→ Task objective
Pictures are to be left out. Copy exactly, and only, the lines from the start of the entries below to the line with "and pattern name", both included.

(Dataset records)

##############################

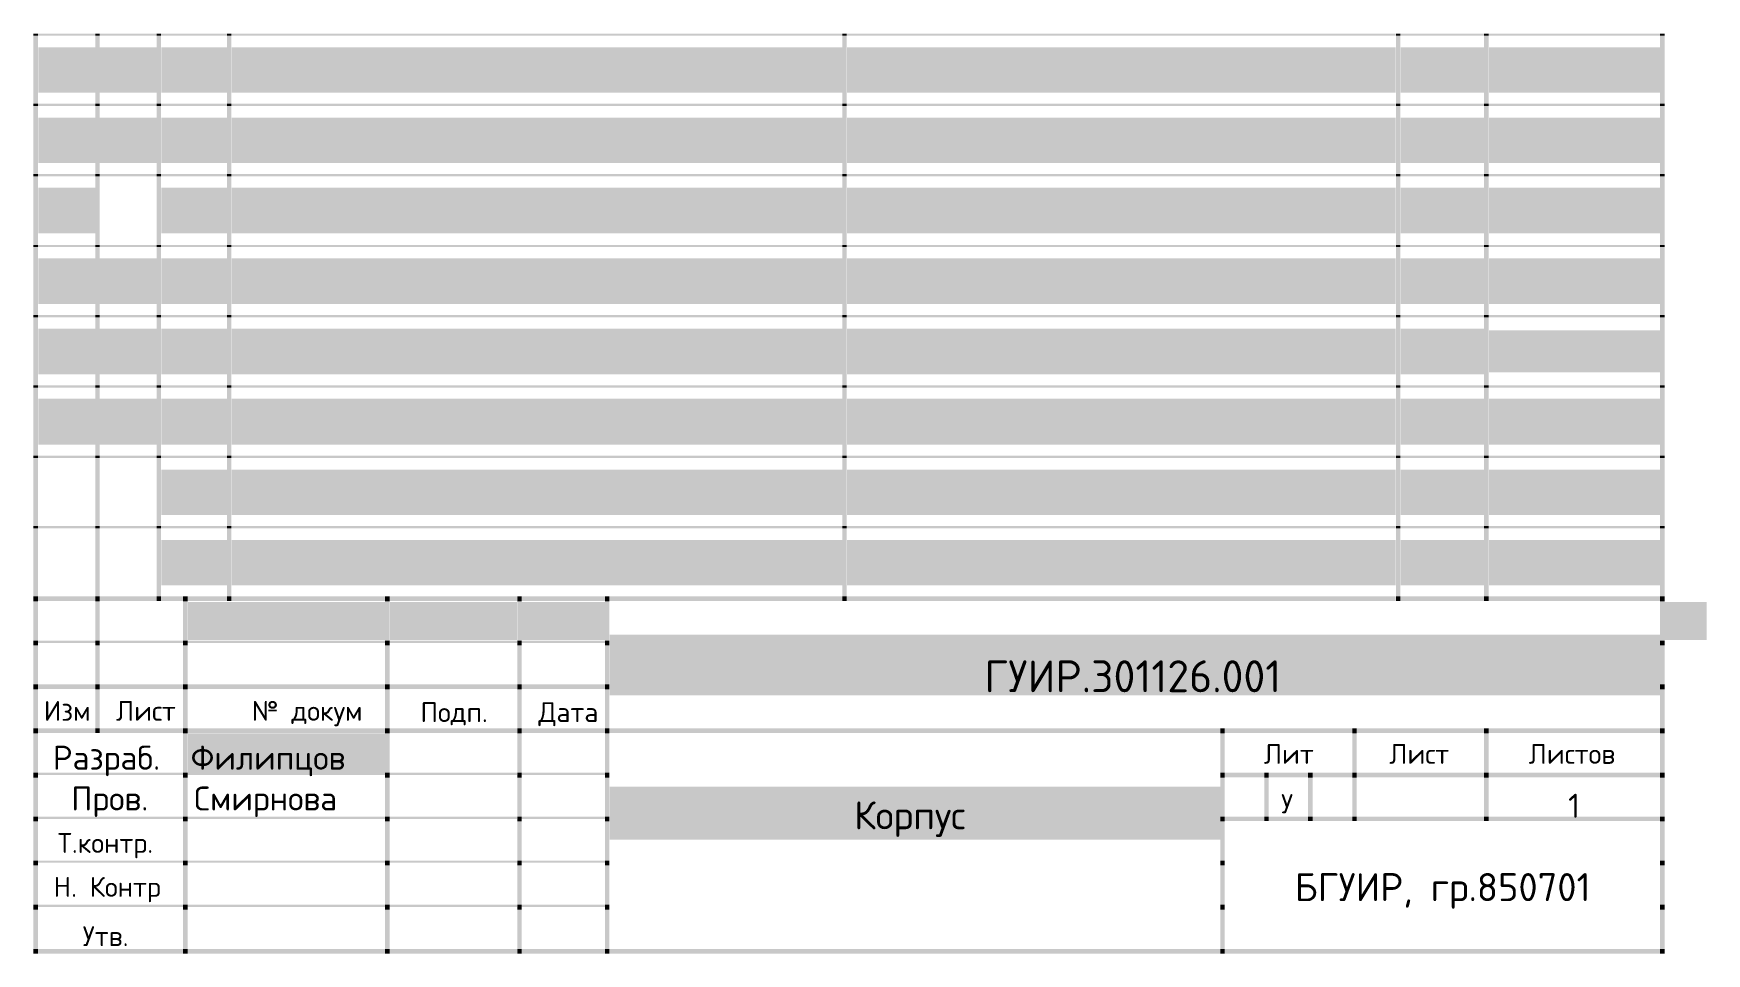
# Paper-space layout 'Layout4' of a CAD drawing. Header units: millimetres. Extents: x 20 to 210, y 7 to 292.
# Drawn here: x 19.6 to 210, y 7.2 to 111.9 of the extents above; entities that cross this region are included whole.
import ezdxf

# ---------------------------------------------------------------- set-up
doc = ezdxf.new("R2010")
doc.units = ezdxf.units.MM
doc.layers.add('PDF2_Solid Fills', color=7, linetype='Continuous')
doc.layers.add('PDF2_Text', color=7, linetype='Continuous')
doc.styles.add('PDF ISOCPEUR', font='isocpeur.ttf')

psp = doc.layouts.new('Layout4')

# ---------------------------------------------------------------- hatches: boundary and pattern name
at = {"layer": 'PDF2_Solid Fills', "true_color": 0xffffff, "transparency": 33554559}
psp.add_hatch(color=7, dxfattribs=at).paths.add_polyline_path([(210, 42.85), (210, 47.16), (205.22, 47.16), (205.22, 42.85)])

# ---------------------------------------------------------------- linework, layer by layer
at = {"layer": 'PDF2_Solid Fills', "lineweight": 35, "transparency": 33554559}
for points in [[(19.6, 111.6), (20.11, 111.6), (19.6, 111.85), (20.11, 111.85)], [(19.6, 103.85), (20.11, 103.85), (19.6, 111.6), (20.11, 111.6)], [(20.11, 111.6), (26.63, 111.6), (20.11, 111.85), (26.63, 111.85)], [(26.63, 111.6), (27.14, 111.6), (26.63, 111.85), (27.14, 111.85)], [(26.63, 103.85), (27.14, 103.85), (26.63, 111.6), (27.14, 111.6)], [(27.14, 111.6), (33.62, 111.6), (27.14, 111.85), (33.62, 111.85)], [(33.62, 111.6), (34.13, 111.6), (33.62, 111.85), (34.13, 111.85)], [(33.62, 103.85), (34.13, 103.85), (33.62, 111.6), (34.13, 111.6)], [(34.13, 111.6), (41.62, 111.6), (34.13, 111.85), (41.62, 111.85)], [(41.62, 111.6), (42.13, 111.6), (41.62, 111.85), (42.13, 111.85)], [(41.62, 103.85), (42.13, 103.85), (41.62, 111.6), (42.13, 111.6)], [(42.13, 111.6), (111.65, 111.6), (42.13, 111.85), (111.65, 111.85)], [(111.65, 111.6), (112.16, 111.6), (111.65, 111.85), (112.16, 111.85)], [(111.65, 103.85), (112.16, 103.85), (111.65, 111.6), (112.16, 111.6)], [(112.16, 111.6), (174.64, 111.6), (112.16, 111.85), (174.64, 111.85)], [(174.65, 111.6), (175.16, 111.6), (174.65, 111.85), (175.16, 111.85)], [(174.65, 103.85), (175.16, 103.85), (174.65, 111.6), (175.16, 111.6)], [(175.16, 111.6), (184.68, 111.6), (175.16, 111.85), (184.68, 111.85)], [(184.68, 111.6), (185.19, 111.6), (184.68, 111.85), (185.19, 111.85)], [(184.68, 103.85), (185.19, 103.85), (184.68, 111.6), (185.19, 111.6)], [(185.19, 111.6), (204.71, 111.6), (185.19, 111.85), (204.71, 111.85)], [(204.71, 111.6), (205.22, 111.6), (204.71, 111.85), (205.22, 111.85)], [(204.71, 103.85), (205.22, 103.85), (204.71, 111.6), (205.22, 111.6)], [(19.6, 103.6), (20.11, 103.6), (19.6, 103.85), (20.11, 103.85)], [(19.6, 95.85), (20.11, 95.85), (19.6, 103.6), (20.11, 103.6)], [(20.11, 103.6), (26.63, 103.6), (20.11, 103.85), (26.63, 103.85)], [(26.63, 103.6), (27.14, 103.6), (26.63, 103.85), (27.14, 103.85)], [(26.63, 95.85), (27.14, 95.85), (26.63, 103.6), (27.14, 103.6)], [(27.14, 103.6), (33.62, 103.6), (27.14, 103.85), (33.62, 103.85)], [(33.62, 103.6), (34.13, 103.6), (33.62, 103.85), (34.13, 103.85)], [(33.62, 95.85), (34.13, 95.85), (33.62, 103.6), (34.13, 103.6)], [(34.13, 103.6), (41.62, 103.6), (34.13, 103.85), (41.62, 103.85)], [(41.62, 103.6), (42.13, 103.6), (41.62, 103.85), (42.13, 103.85)], [(41.62, 95.85), (42.13, 95.85), (41.62, 103.6), (42.13, 103.6)], [(42.13, 103.6), (111.65, 103.6), (42.13, 103.85), (111.65, 103.85)], [(111.65, 103.6), (112.16, 103.6), (111.65, 103.85), (112.16, 103.85)], [(111.65, 95.85), (112.16, 95.85), (111.65, 103.6), (112.16, 103.6)], [(112.16, 103.6), (174.64, 103.6), (112.16, 103.85), (174.64, 103.85)], [(174.65, 103.6), (175.16, 103.6), (174.65, 103.85), (175.16, 103.85)], [(174.65, 95.85), (175.16, 95.85), (174.65, 103.6), (175.16, 103.6)], [(175.16, 103.6), (184.68, 103.6), (175.16, 103.85), (184.68, 103.85)], [(184.68, 103.6), (185.19, 103.6), (184.68, 103.85), (185.19, 103.85)], [(184.68, 95.85), (185.19, 95.85), (184.68, 103.6), (185.19, 103.6)], [(185.19, 103.6), (204.71, 103.6), (185.19, 103.85), (204.71, 103.85)], [(204.71, 103.6), (205.22, 103.6), (204.71, 103.85), (205.22, 103.85)], [(204.71, 95.85), (205.22, 95.85), (204.71, 103.6), (205.22, 103.6)], [(19.6, 95.6), (20.11, 95.6), (19.6, 95.85), (20.11, 95.85)], [(19.6, 87.8), (20.11, 87.8), (19.6, 95.6), (20.11, 95.6)], [(20.11, 95.6), (26.63, 95.6), (20.11, 95.85), (26.63, 95.85)], [(26.63, 95.6), (27.14, 95.6), (26.63, 95.85), (27.14, 95.85)], [(26.63, 87.8), (27.14, 87.8), (26.63, 95.6), (27.14, 95.6)], [(27.14, 95.6), (33.62, 95.6), (27.14, 95.85), (33.62, 95.85)], [(33.62, 95.6), (34.13, 95.6), (33.62, 95.85), (34.13, 95.85)], [(33.62, 87.8), (34.13, 87.8), (33.62, 95.6), (34.13, 95.6)], [(34.13, 95.6), (41.62, 95.6), (34.13, 95.85), (41.62, 95.85)], [(41.62, 95.6), (42.13, 95.6), (41.62, 95.85), (42.13, 95.85)], [(41.62, 87.8), (42.13, 87.8), (41.62, 95.6), (42.13, 95.6)], [(42.13, 95.6), (111.65, 95.6), (42.13, 95.85), (111.65, 95.85)], [(111.65, 95.6), (112.16, 95.6), (111.65, 95.85), (112.16, 95.85)], [(111.65, 87.8), (112.16, 87.8), (111.65, 95.6), (112.16, 95.6)], [(112.16, 95.6), (174.64, 95.6), (112.16, 95.85), (174.64, 95.85)], [(174.65, 95.6), (175.16, 95.6), (174.65, 95.85), (175.16, 95.85)], [(174.65, 87.8), (175.16, 87.8), (174.65, 95.6), (175.16, 95.6)], [(175.16, 95.6), (184.68, 95.6), (175.16, 95.85), (184.68, 95.85)], [(184.68, 95.6), (185.19, 95.6), (184.68, 95.85), (185.19, 95.85)], [(184.68, 87.8), (185.19, 87.8), (184.68, 95.6), (185.19, 95.6)], [(185.19, 95.6), (204.71, 95.6), (185.19, 95.85), (204.71, 95.85)], [(204.71, 95.6), (205.22, 95.6), (204.71, 95.85), (205.22, 95.85)], [(204.71, 87.8), (205.22, 87.8), (204.71, 95.6), (205.22, 95.6)], [(19.6, 87.55), (20.11, 87.55), (19.6, 87.8), (20.11, 87.8)], [(20.11, 87.55), (26.63, 87.55), (20.11, 87.8), (26.63, 87.8)], [(26.63, 87.55), (27.14, 87.55), (26.63, 87.8), (27.14, 87.8)], [(27.14, 87.55), (33.62, 87.55), (27.14, 87.8), (33.62, 87.8)], [(33.62, 87.55), (34.13, 87.55), (33.62, 87.8), (34.13, 87.8)], [(34.13, 87.55), (41.62, 87.55), (34.13, 87.8), (41.62, 87.8)], [(41.62, 87.55), (42.13, 87.55), (41.62, 87.8), (42.13, 87.8)], [(42.13, 87.55), (111.65, 87.55), (42.13, 87.8), (111.65, 87.8)], [(111.65, 87.55), (112.16, 87.55), (111.65, 87.8), (112.16, 87.8)], [(112.16, 87.55), (174.64, 87.55), (112.16, 87.8), (174.64, 87.8)], [(174.65, 87.55), (175.16, 87.55), (174.65, 87.8), (175.16, 87.8)], [(175.16, 87.55), (184.68, 87.55), (175.16, 87.8), (184.68, 87.8)], [(184.68, 87.55), (185.19, 87.55), (184.68, 87.8), (185.19, 87.8)], [(185.19, 87.55), (204.71, 87.55), (185.19, 87.8), (204.71, 87.8)], [(204.71, 87.55), (205.22, 87.55), (204.71, 87.8), (205.22, 87.8)], [(19.6, 79.8), (20.11, 79.8), (19.6, 87.55), (20.11, 87.55)], [(26.63, 79.8), (27.14, 79.8), (26.63, 87.55), (27.14, 87.55)], [(33.62, 79.8), (34.13, 79.8), (33.62, 87.55), (34.13, 87.55)], [(41.62, 79.8), (42.13, 79.8), (41.62, 87.55), (42.13, 87.55)], [(111.65, 79.8), (112.16, 79.8), (111.65, 87.55), (112.16, 87.55)], [(174.65, 79.8), (175.16, 79.8), (174.65, 87.55), (175.16, 87.55)], [(184.68, 79.8), (185.19, 79.8), (184.68, 87.55), (185.19, 87.55)], [(204.71, 79.8), (205.22, 79.8), (204.71, 87.55), (205.22, 87.55)], [(19.6, 79.55), (20.11, 79.55), (19.6, 79.8), (20.11, 79.8)], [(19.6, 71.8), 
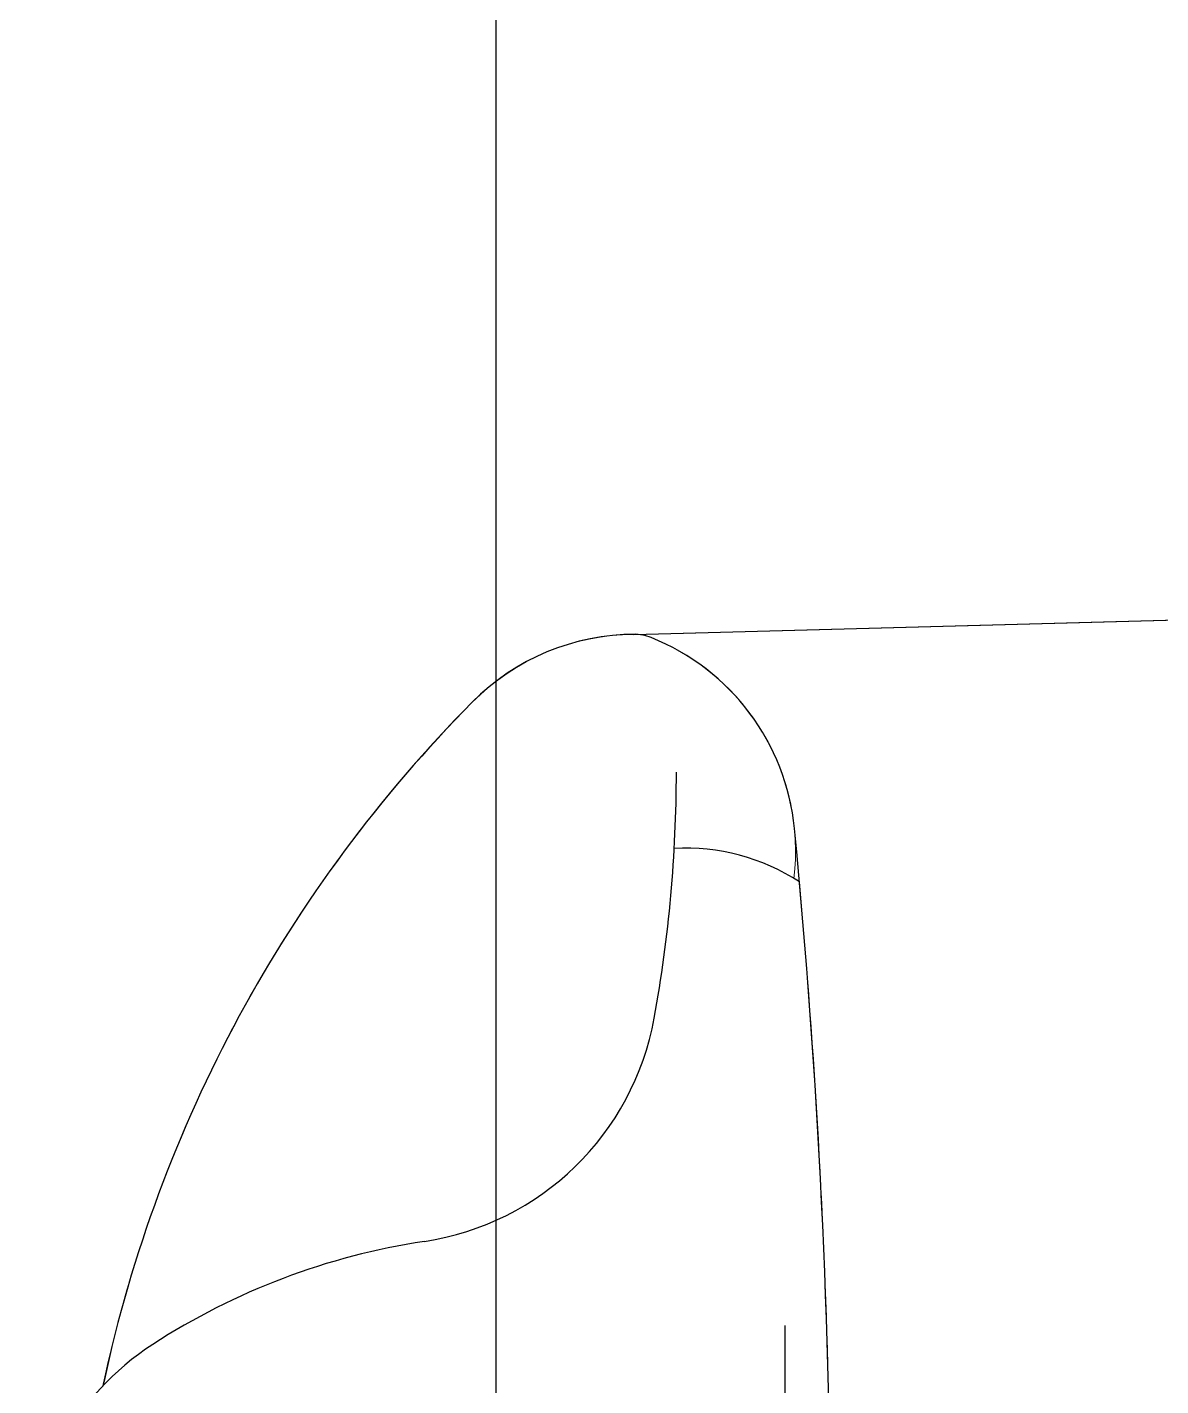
# Model space of a CAD drawing. Header units: millimetres. Extents: x 2148 to 2681, y 758 to 986.
# Drawn here: x 2348.8809 to 2349.0455, y 963.3071 to 963.5044 of the extents above; entities that cross this region are included whole.
import ezdxf

# ---------------------------------------------------------------- set-up
doc = ezdxf.new("R2010")
doc.units = ezdxf.units.MM
doc.linetypes.add('CENTER2', pattern=[28.575000000000003, 19.05, -3.175, 3.175, -3.175])
for name, color, linetype in [('0.1', 193, 'Continuous'), ('0.4', 121, 'Continuous'), ('S_GRID LINES', 252, 'Continuous')]:
    doc.layers.add(name, color=color, linetype=linetype)

msp = doc.modelspace()

# ---------------------------------------------------------------- linework, layer by layer
at = {"layer": '0.1'}
for p, q in [((2348.968959001058, 963.4162481065682, -9.301954361214811e-09), (2349.090874008738, 963.4195161247296, -9.301954361214811e-09)), ((2348.968959001058, 963.4162481065682, -9.301954361214811e-09), (2349.090874008738, 963.4195161247296, -9.301954361214811e-09)), ((2348.968959001058, 963.4162481065682, -9.301954361214811e-09), (2349.090874008738, 963.4195161247296, -9.301954361214811e-09)), ((2348.968959001058, 963.4162481065682, -9.301954361214811e-09), (2349.090874008738, 963.4195161247296, -9.301954361214811e-09)), ((2348.968959001058, 963.4162481065682, -9.301954361214811e-09), (2349.090874008738, 963.4195161247296, -9.301954361214811e-09)), ((2348.968959001058, 963.4162481065682, -9.301954361214811e-09), (2349.090874008738, 963.4195161247296, -9.301954361214811e-09)), ((2348.968959001058, 963.4162481065682, -9.301954361214811e-09), (2349.090874008738, 963.4195161247296, -9.301954361214811e-09)), ((2348.968959001058, 963.4162481065682, -9.301954361214811e-09), (2349.090874008738, 963.4195161247296, -9.301954361214811e-09)), ((2348.968959001058, 963.4162481065682, -9.301954361214811e-09), (2349.090874008738, 963.4195161247296, -9.301954361214811e-09)), ((2348.968959001058, 963.4162481065682, -9.301954361214811e-09), (2349.090874008738, 963.4195161247296, -9.301954361214811e-09)), ((2348.990874258748, 963.3159082232559, -9.301954361214811e-09), (2348.990874258748, 963.2429762220526, -9.301954361214811e-09)), ((2348.990874258748, 963.3159082232559, -9.301954361214811e-09), (2348.990874258748, 963.2429762220526, -9.301954361214811e-09)), ((2348.990874258748, 963.3159082232559, -9.301954361214811e-09), (2348.990874258748, 963.2429762220526, -9.301954361214811e-09)), ((2348.990874258748, 963.3159082232559, -9.301954361214811e-09), (2348.990874258748, 963.2429762220526, -9.301954361214811e-09)), ((2348.990874258748, 963.3159082232559, -9.301954361214811e-09), (2348.990874258748, 963.2429762220526, -9.301954361214811e-09)), ((2348.990874258748, 963.3159082232559, -9.301954361214811e-09), (2348.990874258748, 963.2429762220526, -9.301954361214811e-09)), ((2348.990874258748, 963.3159082232559, -9.301954361214811e-09), (2348.990874258748, 963.2429762220526, -9.301954361214811e-09)), ((2348.990874258748, 963.3159082232559, -9.301954361214811e-09), (2348.990874258748, 963.2429762220526, -9.301954361214811e-09)), ((2348.990874258748, 963.3159082232559, -9.301954361214811e-09), (2348.990874258748, 963.2429762220526, -9.301954361214811e-09)), ((2348.990874258748, 963.3159082232559, -9.301954361214811e-09), (2348.990874258748, 963.2429762220526, -9.301954361214811e-09))]:
    msp.add_line(p, q, dxfattribs=at)
for centre, radius, start, end in [((2348.969165063163, 963.38291549349, -9.301954361214811e-09), 0.03333324999916667, 90, 135.2398539196689), ((2348.969165063163, 963.38291549349, -9.301954361214811e-09), 0.03333324999916667, 90, 135.2398539196689), ((2348.969165063163, 963.38291549349, -9.301954361214811e-09), 0.03333324999916667, 90, 135.2398539196689), ((2348.969165063163, 963.38291549349, -9.301954361214811e-09), 0.03333324999916667, 90, 135.2398539196689), ((2348.969165063163, 963.38291549349, -9.301954361214811e-09), 0.03333324999916667, 90, 135.2398539196689), ((2348.969165063163, 963.38291549349, -9.301954361214811e-09), 0.03333324999916667, 90, 135.2398539196689), ((2348.969165063163, 963.38291549349, -9.301954361214811e-09), 0.03333324999916667, 90, 135.2398539196689), ((2348.969165063163, 963.38291549349, -9.301954361214811e-09), 0.03333324999916667, 90, 135.2398539196689), ((2348.969165063163, 963.38291549349, -9.301954361214811e-09), 0.03333324999916667, 90, 135.2398539196689), ((2348.969165063163, 963.38291549349, -9.301954361214811e-09), 0.03333324999916667, 90, 135.2398539196689), ((2348.969000213479, 963.40958158395, -9.301954361214811e-09), 0.006666649999833333, 68.20525129757377, 90.35419779349499), ((2348.969000213479, 963.40958158395, -9.301954361214811e-09), 0.006666649999833333, 68.20525129757377, 90.35419779349499), ((2348.969000213479, 963.40958158395, -9.301954361214811e-09), 0.006666649999833333, 68.20525129757377, 90.35419779349499), ((2348.969000213479, 963.40958158395, -9.301954361214811e-09), 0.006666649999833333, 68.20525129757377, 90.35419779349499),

##############################

→ Task output
# Paper-space layout 'Layout4' of a CAD drawing. Header units: millimetres. Extents: x 20 to 210, y 7 to 292.
# Drawn here: x 19.6 to 210, y 7.2 to 111.9 of the extents above; entities that cross this region are included whole.
import ezdxf

# ---------------------------------------------------------------- set-up
doc = ezdxf.new("R2010")
doc.units = ezdxf.units.MM
doc.layers.add('PDF2_Solid Fills', color=7, linetype='Continuous')
doc.layers.add('PDF2_Text', color=7, linetype='Continuous')
doc.styles.add('PDF ISOCPEUR', font='isocpeur.ttf')

psp = doc.layouts.new('Layout4')

# ---------------------------------------------------------------- hatches: boundary and pattern name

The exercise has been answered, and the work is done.